Welcome everybody, good morning for our today's lecture, Finite Element Method.

First of all I would like to recapitulate what we did last time.

We started to discuss the Finite Element Method in 2 and 3D for a linear elastic mechanical problem.

First of all we formulated the actual model problem leading to the strong form which is given here.

So we have the divergence of the stress tensor plus the body force vector equals zero plus boundary conditions

which is given displacement on the Dirichlet boundary and given surface traction on the Neumann boundary.

This term here, the fourth order elasticity tensor times the symmetric displacement gradient which is the strain tensor.

This can be written as the stress tensor.

Then we considered some basics of mechanics here.

We formulated the stress and the strain tensors.

We considered the Fugt notation to facilitate a little bit the writing here.

Then we addressed the distinction between plane strain and plane stress in the two-dimensional case.

And after that we formulated the weak form.

Here we started with the residuum which is the divergence of the stress tensor plus the body force vector has to vanish.

Then we introduced the test function which is now a vectorial quantity.

So we multiplied the test function with the residuum and integrate over the entire domain.

Then we applied integration by parts, Gauss theorem and did some term manipulations and we eventually ended up with this formulation here.

This is the weak form.

Here we have the symmetric gradient of the test function times the fourth order elasticity tensor times the symmetric displacement gradient integrated over the domain.

Then minus a term where we have the surface traction vector minus another term where we have the body force vector.

The surface traction tensor is an integral or is part of an integral over the surface and the body force vector is part of an integral over the domain.

And very important, this has to hold for all test functions of the test function space plus boundary conditions which we already addressed.

And here we can also use Fock notation which leads to this formulation.

I just give it here.

And we specified the function spaces based on a Sobolev space H1.

After that we considered the finite element approximation.

So the test, sorry, the shape functions are the same as we introduced in case of the heat conduction problem.

So we have triangular elements, we have quadrilateral elements, then of course we can have different orders of the polynomials appearing there.

So here are the linear and bilinear elements given, but we already addressed, for instance, bi-quadratic elements.

After that we reconsidered the approximation of the geometry which is the same like in the heat conduction problem.

So we have for all coordinate directions of x, we have the same approximation and this can be subsumed like here.

So the vector x is this matrix of shape functions times the vector of nodal quantities of x.

And this can be written in this form here.

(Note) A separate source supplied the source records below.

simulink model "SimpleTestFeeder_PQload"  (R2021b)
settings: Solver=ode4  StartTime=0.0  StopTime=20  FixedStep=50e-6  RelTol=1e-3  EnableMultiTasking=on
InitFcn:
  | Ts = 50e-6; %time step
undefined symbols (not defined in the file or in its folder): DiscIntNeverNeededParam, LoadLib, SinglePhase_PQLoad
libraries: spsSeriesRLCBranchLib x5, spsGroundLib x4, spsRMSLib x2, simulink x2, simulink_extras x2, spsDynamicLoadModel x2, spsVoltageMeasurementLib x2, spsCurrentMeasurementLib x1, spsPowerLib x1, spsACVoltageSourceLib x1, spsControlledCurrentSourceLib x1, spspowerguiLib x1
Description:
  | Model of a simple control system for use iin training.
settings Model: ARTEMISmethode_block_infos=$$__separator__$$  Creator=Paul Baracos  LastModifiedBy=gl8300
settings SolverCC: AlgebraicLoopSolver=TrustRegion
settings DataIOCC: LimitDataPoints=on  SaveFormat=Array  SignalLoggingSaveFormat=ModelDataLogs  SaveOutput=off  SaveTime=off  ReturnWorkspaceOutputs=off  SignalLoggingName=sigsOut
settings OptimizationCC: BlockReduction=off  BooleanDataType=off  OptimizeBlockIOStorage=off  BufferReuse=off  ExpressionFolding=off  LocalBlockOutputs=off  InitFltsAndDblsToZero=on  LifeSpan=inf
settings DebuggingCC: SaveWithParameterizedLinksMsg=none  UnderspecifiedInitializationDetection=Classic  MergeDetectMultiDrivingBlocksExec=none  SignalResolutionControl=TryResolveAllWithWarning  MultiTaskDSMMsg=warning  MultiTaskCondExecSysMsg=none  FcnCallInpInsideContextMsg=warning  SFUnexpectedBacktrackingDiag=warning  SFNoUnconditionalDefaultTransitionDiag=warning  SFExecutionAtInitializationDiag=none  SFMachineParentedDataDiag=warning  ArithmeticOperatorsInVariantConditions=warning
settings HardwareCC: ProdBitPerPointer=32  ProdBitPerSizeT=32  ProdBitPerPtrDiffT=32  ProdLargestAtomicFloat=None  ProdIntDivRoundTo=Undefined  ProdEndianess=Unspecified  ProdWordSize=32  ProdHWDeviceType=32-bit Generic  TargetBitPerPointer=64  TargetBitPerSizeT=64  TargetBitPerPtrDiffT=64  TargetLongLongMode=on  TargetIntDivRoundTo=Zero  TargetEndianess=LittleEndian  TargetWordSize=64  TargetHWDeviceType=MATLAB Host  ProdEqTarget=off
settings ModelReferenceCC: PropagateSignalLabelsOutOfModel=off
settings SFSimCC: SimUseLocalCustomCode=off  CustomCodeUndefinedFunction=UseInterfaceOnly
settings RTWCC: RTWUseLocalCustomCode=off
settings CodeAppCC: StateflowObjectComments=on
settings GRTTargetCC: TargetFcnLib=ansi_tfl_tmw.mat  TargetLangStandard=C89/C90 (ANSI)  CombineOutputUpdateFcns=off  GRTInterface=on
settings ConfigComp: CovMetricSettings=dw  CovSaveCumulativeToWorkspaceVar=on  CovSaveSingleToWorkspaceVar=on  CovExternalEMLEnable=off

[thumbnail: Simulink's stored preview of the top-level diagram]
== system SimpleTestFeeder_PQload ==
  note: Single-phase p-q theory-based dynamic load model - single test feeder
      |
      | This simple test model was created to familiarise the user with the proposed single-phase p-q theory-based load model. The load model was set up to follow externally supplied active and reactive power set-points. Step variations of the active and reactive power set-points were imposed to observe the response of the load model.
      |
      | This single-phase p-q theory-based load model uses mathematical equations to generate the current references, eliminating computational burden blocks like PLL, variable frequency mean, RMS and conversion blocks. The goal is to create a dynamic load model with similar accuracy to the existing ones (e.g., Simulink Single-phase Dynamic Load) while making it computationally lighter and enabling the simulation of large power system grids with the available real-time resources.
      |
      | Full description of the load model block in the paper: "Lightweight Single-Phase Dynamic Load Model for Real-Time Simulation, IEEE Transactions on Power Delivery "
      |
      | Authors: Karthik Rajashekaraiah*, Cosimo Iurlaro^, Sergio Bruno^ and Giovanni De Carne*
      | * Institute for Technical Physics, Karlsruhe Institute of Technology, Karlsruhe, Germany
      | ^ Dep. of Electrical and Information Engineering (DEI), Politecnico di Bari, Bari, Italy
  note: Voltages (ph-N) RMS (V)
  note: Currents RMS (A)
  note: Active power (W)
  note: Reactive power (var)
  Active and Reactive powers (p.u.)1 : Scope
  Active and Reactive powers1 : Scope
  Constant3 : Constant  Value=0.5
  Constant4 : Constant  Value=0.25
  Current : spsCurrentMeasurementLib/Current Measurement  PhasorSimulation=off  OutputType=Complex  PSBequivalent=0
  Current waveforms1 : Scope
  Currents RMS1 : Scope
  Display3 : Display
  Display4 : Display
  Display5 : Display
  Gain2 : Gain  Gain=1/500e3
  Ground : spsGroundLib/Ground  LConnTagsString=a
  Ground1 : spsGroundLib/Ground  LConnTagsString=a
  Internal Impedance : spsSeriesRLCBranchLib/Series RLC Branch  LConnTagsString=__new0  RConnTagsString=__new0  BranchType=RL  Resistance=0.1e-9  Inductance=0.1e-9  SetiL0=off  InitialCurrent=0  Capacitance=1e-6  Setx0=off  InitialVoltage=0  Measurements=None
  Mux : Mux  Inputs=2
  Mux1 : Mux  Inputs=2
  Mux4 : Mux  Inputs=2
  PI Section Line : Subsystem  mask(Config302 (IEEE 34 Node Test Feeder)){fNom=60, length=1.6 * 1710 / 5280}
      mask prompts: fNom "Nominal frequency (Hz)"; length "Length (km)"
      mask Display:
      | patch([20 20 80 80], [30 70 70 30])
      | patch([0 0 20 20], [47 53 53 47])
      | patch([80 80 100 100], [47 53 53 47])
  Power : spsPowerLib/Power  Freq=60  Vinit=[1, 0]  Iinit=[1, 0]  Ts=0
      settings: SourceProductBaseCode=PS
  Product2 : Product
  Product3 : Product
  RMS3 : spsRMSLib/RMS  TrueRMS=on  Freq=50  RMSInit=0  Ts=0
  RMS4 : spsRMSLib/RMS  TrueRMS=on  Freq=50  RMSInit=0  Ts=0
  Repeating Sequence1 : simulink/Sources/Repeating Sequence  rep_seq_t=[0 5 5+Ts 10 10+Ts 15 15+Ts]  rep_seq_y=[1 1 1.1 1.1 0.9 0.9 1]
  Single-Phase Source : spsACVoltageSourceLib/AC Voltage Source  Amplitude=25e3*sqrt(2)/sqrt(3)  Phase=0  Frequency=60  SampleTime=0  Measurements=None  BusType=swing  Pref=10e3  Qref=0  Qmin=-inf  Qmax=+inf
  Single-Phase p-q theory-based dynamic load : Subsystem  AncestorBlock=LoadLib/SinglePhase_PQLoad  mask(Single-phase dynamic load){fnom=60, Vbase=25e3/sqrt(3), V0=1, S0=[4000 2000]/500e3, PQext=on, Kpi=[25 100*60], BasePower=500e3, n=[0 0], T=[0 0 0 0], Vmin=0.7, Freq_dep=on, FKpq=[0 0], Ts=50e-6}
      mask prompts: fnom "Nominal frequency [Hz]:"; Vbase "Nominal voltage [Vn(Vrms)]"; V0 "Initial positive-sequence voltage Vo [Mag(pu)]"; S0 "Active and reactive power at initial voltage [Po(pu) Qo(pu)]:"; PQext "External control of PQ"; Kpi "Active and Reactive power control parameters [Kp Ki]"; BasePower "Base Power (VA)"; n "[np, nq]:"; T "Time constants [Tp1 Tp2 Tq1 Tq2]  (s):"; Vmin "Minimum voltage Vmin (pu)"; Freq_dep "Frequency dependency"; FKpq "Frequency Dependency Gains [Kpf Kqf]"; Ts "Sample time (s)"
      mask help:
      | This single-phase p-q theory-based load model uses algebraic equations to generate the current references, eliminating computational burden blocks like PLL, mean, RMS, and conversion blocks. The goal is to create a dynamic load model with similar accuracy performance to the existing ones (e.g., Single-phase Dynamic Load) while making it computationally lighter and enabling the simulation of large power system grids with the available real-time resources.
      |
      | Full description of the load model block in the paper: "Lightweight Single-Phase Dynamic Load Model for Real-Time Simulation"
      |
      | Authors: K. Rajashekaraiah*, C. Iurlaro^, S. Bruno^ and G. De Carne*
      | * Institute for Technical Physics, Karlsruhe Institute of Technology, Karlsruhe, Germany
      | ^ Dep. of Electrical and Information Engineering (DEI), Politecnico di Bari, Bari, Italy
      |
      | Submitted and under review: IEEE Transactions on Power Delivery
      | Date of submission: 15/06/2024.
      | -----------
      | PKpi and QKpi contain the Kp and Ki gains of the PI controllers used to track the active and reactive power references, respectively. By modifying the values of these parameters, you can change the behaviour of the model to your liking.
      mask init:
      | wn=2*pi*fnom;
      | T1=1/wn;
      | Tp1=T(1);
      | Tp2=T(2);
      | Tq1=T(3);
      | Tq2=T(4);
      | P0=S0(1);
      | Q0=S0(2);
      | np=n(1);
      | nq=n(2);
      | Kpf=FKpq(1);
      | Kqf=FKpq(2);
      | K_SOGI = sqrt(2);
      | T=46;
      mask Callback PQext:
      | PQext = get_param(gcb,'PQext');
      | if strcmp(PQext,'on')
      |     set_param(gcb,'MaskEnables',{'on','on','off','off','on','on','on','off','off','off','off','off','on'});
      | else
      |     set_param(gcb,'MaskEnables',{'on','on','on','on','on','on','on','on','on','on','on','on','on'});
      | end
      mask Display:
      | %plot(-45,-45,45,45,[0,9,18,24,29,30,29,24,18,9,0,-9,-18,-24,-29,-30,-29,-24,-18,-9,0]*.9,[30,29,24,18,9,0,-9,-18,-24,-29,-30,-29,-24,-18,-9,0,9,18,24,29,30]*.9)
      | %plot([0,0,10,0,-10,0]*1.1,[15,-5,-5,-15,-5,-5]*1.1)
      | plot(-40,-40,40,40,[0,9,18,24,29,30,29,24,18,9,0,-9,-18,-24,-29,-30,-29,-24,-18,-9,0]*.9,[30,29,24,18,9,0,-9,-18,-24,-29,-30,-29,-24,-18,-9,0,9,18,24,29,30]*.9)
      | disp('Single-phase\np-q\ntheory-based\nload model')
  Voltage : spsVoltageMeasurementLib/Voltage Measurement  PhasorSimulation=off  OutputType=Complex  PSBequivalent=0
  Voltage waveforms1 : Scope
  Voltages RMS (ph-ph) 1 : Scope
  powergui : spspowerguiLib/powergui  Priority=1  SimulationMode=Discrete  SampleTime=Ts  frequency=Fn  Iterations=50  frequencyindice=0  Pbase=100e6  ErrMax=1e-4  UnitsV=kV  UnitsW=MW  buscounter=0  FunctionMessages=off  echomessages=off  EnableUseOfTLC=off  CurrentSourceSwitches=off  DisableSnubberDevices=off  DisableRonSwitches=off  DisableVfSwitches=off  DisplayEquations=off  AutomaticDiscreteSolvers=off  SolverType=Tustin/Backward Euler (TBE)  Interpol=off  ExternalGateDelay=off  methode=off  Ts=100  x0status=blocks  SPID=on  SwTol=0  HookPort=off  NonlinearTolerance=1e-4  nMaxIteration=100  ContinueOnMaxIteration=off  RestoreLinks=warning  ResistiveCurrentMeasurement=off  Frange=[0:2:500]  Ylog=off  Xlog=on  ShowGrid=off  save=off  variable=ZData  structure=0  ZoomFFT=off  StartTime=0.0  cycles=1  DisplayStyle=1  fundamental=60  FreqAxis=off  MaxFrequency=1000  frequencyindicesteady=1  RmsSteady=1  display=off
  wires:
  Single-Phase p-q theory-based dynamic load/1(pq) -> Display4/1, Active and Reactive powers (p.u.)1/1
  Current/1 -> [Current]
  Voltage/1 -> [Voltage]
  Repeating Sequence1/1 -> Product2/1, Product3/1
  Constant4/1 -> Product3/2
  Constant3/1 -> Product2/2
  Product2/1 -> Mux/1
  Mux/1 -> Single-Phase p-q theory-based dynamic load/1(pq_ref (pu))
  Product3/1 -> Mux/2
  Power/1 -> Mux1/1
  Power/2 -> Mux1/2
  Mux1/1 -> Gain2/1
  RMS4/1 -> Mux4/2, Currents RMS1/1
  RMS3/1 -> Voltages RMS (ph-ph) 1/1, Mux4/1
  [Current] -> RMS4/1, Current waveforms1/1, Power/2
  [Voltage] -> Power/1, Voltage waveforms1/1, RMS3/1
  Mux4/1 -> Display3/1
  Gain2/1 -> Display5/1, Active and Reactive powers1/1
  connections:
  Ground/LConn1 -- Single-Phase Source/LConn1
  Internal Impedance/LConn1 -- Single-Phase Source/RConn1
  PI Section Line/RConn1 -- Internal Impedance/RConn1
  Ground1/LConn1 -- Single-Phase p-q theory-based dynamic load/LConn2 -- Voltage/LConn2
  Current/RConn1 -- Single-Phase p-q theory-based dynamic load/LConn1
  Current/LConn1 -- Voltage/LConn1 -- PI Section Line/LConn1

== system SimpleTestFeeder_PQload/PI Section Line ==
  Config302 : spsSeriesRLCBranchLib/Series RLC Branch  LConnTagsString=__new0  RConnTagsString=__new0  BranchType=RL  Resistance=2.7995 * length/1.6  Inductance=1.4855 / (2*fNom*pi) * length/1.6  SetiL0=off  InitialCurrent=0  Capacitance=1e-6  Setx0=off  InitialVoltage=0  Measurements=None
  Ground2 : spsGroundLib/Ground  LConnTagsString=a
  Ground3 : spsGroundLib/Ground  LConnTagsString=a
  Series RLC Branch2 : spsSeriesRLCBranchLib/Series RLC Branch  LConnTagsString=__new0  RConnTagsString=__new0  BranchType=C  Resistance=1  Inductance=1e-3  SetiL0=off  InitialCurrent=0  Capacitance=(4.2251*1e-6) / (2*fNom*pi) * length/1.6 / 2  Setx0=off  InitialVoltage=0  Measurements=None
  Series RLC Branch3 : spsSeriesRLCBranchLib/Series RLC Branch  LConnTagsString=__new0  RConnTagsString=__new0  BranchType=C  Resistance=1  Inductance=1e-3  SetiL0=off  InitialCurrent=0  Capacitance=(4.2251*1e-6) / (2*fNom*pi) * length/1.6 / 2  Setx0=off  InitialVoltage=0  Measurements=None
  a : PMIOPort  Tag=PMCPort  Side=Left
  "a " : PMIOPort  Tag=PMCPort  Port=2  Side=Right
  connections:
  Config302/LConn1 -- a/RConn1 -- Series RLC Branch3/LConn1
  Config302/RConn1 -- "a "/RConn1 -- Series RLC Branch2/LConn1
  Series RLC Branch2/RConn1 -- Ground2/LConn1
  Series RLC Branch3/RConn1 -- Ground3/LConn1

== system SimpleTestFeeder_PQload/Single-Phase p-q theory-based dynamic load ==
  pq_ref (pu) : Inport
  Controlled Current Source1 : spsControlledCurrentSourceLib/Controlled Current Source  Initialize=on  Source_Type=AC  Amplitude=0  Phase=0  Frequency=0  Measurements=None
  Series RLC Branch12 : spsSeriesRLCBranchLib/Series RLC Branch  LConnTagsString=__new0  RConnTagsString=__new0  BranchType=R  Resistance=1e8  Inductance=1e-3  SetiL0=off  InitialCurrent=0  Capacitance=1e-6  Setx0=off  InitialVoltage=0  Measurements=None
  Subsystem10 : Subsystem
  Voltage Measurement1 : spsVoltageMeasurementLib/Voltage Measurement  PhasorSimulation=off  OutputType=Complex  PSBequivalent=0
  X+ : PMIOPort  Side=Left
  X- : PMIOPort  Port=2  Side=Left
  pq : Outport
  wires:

Likewise, then I just jump over the Jacobian and the relation between line area and volume elements.

Likewise, we can now approximate the solution in contrast to the heat conduction problem.

Our unknown is not a scalar field like the temperature before.

Now it's the displacement field which has a dimension of three.

So we apply the same procedure as for the geometry.

You remember this is the isoparametric concept that we use the same approximation for the test function for the geometry and for the unknown.

And again we have the same matrix of shape functions times here now the vector of nodal displacements.

And this can be written in this form.

The same way we approximate the test function.

Okay, so this is more or less what we did so far.

And now let me please take this version of the weak form.

And with that we continue because what we are now aiming for is to do the same actually like in the one dimensional case and in the heat conduction problem.

We want to rewrite this integral as the integrals over the individual element domains.

And then we want to introduce the approximations of the quantities given here.

So we will need an approximation of the symmetric gradient of the test function which is here called delta epsilon tilde.

And we need an approximation of the strain tensor and folk notation epsilon tilde here.

And for the test function we already know the approximation.